##### Given records
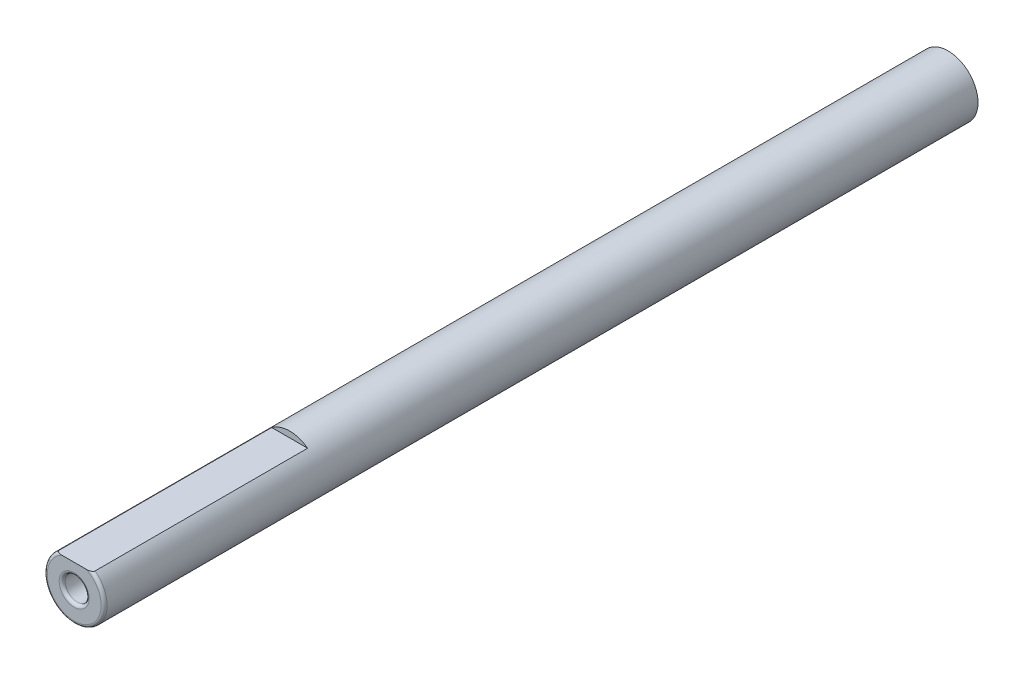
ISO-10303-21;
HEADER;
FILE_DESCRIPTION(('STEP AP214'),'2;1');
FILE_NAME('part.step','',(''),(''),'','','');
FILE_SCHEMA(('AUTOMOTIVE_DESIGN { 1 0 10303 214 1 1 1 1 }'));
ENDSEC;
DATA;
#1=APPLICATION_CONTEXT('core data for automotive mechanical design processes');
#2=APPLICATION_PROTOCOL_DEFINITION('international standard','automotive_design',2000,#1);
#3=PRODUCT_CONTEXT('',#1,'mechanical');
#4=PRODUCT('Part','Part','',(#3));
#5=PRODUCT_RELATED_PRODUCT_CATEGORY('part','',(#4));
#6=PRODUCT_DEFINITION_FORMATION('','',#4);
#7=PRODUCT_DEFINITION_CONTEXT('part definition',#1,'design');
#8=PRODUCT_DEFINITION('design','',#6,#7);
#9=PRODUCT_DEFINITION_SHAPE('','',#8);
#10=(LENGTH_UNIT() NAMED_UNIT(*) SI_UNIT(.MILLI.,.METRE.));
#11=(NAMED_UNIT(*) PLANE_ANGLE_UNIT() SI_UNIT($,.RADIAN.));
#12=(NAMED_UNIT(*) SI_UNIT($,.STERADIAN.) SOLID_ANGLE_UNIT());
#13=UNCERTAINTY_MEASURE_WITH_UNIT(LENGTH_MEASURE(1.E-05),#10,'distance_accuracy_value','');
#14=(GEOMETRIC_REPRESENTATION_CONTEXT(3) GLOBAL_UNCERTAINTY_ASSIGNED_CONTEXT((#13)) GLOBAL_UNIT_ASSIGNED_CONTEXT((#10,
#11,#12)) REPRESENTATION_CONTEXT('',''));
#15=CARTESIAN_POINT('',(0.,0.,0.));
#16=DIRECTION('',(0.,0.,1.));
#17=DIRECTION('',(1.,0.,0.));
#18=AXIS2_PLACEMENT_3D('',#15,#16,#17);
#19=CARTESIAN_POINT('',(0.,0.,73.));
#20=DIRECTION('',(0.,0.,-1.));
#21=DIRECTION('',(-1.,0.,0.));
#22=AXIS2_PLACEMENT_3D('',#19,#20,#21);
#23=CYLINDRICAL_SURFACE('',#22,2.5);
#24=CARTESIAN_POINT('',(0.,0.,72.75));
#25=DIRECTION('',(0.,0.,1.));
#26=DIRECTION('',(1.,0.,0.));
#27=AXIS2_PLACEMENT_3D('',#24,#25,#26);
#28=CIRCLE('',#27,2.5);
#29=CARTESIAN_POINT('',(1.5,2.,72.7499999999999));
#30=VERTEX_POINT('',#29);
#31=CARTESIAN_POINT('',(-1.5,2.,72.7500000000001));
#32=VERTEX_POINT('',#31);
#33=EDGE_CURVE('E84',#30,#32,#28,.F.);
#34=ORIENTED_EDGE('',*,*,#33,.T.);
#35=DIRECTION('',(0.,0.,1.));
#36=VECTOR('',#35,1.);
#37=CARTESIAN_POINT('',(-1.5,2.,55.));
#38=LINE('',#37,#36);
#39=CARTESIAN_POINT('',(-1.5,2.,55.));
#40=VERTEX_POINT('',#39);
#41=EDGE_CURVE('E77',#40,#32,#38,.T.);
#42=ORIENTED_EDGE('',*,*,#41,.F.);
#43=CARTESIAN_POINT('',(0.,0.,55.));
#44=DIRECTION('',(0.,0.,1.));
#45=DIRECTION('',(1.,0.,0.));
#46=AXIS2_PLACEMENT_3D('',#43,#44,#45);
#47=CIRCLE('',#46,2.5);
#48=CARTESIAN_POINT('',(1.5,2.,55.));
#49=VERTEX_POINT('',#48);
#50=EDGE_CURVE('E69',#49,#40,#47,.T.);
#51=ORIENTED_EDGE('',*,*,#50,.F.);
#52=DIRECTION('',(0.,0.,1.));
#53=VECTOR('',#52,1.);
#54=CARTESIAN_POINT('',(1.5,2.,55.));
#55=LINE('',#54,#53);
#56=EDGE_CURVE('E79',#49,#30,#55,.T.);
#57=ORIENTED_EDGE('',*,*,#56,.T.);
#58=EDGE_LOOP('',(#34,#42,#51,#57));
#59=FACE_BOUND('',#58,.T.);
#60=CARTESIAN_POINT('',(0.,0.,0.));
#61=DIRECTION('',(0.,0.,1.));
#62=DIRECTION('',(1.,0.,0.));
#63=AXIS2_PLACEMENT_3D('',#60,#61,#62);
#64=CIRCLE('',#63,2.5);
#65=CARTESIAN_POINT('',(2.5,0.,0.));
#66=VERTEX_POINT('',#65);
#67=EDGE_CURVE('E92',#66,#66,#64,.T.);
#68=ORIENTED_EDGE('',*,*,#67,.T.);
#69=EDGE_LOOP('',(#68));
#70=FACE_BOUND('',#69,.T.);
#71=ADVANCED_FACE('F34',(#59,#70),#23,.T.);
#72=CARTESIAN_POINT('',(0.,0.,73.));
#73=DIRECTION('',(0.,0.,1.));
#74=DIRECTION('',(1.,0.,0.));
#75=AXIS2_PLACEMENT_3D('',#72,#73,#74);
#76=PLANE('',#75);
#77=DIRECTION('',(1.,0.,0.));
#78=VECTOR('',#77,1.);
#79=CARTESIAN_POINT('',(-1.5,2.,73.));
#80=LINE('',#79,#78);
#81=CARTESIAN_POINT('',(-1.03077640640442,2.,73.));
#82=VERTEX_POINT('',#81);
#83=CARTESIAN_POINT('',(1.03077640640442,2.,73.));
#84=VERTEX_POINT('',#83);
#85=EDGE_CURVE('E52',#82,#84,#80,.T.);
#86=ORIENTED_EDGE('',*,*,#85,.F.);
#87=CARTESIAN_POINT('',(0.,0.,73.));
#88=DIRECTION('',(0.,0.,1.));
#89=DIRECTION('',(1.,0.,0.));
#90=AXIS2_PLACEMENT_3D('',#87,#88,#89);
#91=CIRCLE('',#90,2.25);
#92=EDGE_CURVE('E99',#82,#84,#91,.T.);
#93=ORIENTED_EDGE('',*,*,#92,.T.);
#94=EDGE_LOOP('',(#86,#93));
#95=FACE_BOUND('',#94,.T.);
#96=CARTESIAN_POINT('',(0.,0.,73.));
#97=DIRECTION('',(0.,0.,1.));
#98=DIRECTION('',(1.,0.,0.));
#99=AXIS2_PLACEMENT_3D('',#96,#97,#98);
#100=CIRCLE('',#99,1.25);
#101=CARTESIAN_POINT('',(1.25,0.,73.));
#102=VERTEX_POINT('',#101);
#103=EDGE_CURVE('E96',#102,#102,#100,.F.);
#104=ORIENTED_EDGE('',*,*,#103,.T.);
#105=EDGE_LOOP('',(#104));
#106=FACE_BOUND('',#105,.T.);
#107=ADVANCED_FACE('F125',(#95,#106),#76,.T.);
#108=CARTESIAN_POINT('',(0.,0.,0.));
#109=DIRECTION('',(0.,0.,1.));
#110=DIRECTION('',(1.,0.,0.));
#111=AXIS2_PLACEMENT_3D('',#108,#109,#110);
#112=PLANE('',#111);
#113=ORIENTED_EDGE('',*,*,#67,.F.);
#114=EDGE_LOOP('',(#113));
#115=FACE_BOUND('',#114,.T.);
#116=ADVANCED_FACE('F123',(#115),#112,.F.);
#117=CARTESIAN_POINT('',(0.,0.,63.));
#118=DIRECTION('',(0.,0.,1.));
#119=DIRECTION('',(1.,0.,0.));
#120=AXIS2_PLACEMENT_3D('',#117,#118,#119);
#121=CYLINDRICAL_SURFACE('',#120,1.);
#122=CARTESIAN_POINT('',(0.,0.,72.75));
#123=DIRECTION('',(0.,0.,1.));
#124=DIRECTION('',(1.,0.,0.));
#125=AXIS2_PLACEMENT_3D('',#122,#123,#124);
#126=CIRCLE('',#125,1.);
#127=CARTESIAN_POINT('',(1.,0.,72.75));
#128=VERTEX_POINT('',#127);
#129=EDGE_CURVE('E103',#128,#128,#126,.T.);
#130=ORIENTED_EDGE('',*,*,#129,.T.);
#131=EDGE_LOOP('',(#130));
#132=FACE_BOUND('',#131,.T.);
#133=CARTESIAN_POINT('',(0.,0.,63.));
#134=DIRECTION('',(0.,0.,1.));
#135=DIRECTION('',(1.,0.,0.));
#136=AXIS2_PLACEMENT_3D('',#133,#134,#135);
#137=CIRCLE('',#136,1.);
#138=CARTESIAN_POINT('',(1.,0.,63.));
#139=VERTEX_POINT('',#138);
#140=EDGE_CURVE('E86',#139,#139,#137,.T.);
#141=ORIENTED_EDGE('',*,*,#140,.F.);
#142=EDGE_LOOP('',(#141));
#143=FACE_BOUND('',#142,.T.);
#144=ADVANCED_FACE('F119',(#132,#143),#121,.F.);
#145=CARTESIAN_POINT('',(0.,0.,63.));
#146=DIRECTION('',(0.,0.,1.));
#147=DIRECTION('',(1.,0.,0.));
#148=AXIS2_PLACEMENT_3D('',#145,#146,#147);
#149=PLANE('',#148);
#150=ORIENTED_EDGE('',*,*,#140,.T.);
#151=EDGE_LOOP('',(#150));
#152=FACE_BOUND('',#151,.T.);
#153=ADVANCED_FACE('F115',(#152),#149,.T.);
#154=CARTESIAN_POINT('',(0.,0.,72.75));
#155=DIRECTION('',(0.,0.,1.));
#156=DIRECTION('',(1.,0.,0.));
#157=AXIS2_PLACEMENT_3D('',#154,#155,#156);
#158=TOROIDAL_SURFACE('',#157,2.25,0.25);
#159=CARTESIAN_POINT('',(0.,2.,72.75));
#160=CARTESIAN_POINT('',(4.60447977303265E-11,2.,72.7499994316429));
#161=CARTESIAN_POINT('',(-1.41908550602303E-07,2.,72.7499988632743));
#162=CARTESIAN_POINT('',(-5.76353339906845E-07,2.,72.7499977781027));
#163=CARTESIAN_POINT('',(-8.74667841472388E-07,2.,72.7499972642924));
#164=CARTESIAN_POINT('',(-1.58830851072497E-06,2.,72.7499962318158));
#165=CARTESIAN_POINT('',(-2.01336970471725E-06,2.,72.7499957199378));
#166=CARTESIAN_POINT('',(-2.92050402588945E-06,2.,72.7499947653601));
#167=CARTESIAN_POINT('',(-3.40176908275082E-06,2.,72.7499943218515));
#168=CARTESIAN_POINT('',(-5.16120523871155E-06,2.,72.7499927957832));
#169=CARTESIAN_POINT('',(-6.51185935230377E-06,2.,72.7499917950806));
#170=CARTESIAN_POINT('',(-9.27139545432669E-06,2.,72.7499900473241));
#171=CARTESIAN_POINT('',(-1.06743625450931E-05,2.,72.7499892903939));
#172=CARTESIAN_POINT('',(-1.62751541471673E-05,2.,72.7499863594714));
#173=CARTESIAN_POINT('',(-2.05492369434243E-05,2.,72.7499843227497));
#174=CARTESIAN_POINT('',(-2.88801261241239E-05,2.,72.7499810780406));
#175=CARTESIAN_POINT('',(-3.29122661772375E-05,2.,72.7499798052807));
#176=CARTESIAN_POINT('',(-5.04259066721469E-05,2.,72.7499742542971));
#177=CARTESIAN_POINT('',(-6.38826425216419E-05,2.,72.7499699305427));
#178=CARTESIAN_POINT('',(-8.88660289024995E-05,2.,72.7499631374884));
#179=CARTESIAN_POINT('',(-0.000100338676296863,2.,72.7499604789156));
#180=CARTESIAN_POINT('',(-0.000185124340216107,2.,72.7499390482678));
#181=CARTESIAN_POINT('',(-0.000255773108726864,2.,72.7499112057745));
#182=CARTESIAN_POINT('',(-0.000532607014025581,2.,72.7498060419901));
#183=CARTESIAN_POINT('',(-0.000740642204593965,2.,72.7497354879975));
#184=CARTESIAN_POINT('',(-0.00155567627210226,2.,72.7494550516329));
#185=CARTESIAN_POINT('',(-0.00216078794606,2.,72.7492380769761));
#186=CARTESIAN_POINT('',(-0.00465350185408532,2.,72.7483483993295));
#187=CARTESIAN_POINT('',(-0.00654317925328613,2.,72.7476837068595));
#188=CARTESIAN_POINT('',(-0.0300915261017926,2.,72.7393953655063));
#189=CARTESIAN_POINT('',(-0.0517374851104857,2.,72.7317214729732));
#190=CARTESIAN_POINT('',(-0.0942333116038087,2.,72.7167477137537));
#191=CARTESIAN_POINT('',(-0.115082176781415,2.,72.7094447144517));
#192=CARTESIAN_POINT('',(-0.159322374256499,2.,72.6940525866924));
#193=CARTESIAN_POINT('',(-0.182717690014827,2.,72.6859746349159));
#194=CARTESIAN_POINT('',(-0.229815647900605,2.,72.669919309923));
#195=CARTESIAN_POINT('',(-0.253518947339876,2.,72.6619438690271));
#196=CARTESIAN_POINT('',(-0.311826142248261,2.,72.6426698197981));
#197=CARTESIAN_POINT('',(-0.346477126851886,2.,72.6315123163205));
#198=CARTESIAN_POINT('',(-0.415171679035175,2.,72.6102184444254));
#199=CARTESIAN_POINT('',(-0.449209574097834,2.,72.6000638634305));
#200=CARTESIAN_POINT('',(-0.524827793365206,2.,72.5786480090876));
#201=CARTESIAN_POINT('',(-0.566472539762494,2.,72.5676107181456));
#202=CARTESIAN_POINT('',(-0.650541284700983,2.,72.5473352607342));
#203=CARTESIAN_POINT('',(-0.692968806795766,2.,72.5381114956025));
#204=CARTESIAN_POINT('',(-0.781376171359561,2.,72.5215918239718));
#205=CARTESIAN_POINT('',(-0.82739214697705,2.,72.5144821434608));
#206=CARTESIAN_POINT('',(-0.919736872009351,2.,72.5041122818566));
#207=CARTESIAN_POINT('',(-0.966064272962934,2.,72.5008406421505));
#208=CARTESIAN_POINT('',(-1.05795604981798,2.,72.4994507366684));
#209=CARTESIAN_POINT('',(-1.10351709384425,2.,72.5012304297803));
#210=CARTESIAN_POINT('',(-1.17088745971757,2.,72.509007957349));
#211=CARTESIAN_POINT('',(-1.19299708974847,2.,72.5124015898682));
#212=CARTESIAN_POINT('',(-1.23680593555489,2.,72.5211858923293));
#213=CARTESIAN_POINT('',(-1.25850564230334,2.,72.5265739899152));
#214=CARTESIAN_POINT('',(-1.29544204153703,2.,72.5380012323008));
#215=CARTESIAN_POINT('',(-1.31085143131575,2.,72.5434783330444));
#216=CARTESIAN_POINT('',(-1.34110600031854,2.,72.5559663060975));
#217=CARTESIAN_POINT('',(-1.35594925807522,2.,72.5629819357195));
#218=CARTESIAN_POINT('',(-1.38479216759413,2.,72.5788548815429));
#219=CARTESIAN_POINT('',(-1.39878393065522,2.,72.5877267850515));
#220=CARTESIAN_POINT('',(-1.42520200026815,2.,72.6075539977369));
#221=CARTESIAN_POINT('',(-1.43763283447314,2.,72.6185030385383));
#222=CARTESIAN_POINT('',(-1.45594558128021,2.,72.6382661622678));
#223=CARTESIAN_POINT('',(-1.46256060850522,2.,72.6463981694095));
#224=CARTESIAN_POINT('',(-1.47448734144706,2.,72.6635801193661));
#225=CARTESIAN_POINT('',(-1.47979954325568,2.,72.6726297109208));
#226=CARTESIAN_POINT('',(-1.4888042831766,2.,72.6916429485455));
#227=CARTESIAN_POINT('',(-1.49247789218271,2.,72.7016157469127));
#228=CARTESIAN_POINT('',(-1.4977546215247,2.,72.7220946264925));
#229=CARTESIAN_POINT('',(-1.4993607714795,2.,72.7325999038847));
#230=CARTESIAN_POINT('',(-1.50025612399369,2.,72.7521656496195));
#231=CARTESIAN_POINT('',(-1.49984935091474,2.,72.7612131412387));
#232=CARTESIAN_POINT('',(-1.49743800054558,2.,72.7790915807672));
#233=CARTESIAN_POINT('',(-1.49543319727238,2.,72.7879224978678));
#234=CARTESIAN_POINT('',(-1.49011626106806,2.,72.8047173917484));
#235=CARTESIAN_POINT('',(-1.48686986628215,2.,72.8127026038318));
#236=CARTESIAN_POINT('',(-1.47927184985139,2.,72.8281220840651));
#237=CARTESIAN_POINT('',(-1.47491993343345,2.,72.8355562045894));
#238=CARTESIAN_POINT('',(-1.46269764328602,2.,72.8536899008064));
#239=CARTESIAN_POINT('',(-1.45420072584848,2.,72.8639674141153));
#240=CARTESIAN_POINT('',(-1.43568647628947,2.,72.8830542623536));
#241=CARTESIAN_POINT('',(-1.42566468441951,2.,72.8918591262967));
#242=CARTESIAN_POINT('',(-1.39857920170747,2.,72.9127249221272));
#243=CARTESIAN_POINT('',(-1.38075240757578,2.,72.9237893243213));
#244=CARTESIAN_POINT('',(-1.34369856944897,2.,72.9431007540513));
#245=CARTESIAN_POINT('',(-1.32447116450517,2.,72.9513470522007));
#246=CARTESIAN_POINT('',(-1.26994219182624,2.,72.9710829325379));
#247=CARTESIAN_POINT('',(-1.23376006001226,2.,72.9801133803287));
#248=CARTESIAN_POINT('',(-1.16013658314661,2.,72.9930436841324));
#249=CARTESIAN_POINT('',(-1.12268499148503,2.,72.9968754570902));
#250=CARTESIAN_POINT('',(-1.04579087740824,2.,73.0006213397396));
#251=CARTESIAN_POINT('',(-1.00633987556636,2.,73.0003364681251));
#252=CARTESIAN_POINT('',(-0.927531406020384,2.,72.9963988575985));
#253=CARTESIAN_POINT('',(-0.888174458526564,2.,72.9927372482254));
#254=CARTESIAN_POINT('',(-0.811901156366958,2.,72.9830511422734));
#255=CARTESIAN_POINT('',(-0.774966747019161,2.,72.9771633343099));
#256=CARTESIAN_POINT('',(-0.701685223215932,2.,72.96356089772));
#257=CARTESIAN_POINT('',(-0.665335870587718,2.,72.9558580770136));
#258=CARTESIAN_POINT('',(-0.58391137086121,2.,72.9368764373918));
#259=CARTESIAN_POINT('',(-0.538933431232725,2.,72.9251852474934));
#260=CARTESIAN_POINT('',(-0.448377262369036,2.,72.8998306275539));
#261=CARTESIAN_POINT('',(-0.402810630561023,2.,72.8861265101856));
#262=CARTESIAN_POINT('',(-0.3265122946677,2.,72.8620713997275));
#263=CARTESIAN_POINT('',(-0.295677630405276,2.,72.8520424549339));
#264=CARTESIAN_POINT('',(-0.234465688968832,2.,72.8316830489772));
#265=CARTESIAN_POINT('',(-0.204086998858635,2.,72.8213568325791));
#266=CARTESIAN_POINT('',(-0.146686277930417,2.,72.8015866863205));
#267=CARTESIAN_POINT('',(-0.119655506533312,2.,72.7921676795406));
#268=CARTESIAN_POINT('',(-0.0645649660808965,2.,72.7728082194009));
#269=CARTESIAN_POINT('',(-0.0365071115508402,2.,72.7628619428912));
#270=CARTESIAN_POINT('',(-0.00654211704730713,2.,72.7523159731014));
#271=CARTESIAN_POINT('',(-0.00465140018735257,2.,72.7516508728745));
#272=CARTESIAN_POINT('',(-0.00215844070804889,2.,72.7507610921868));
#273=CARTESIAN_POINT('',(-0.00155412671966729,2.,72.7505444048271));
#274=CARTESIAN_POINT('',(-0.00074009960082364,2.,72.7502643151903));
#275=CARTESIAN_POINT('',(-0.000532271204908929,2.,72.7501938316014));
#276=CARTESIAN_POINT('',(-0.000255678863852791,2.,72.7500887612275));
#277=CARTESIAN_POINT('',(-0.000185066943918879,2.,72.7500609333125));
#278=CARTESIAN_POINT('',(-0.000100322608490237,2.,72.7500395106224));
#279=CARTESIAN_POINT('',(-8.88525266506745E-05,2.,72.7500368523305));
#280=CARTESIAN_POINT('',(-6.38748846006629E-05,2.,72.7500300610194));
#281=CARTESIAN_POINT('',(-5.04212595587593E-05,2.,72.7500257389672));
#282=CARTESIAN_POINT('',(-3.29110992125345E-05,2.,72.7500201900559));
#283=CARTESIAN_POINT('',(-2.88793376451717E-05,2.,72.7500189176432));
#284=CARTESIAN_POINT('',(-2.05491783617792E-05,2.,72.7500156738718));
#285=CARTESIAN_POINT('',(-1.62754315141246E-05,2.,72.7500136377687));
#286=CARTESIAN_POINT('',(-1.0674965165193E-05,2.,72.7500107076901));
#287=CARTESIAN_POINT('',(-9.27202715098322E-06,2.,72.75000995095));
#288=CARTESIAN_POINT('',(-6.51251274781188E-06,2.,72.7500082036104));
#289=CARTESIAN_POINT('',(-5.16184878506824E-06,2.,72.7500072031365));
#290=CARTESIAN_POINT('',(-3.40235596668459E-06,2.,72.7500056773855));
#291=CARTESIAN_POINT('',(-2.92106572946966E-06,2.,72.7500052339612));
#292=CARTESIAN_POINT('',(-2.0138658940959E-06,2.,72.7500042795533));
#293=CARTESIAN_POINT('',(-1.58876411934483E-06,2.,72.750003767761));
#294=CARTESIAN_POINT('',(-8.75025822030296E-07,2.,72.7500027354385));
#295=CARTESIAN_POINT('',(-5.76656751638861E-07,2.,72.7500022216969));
##########
About this task
Among the entries above, the line containing "#5=PRODUCT_RELATED_PRODUCT_CATEGORY('part','',(#4));", the line containing "#10=(LENGTH_UNIT() NAMED_UNIT(*) SI_UNIT(.MILLI.,.METRE.));", and all lines between them are to be restated word for word; nothing else belongs in the reply.

Expected answer
#5=PRODUCT_RELATED_PRODUCT_CATEGORY('part','',(#4));
#6=PRODUCT_DEFINITION_FORMATION('','',#4);
#7=PRODUCT_DEFINITION_CONTEXT('part definition',#1,'design');
#8=PRODUCT_DEFINITION('design','',#6,#7);
#9=PRODUCT_DEFINITION_SHAPE('','',#8);
#10=(LENGTH_UNIT() NAMED_UNIT(*) SI_UNIT(.MILLI.,.METRE.));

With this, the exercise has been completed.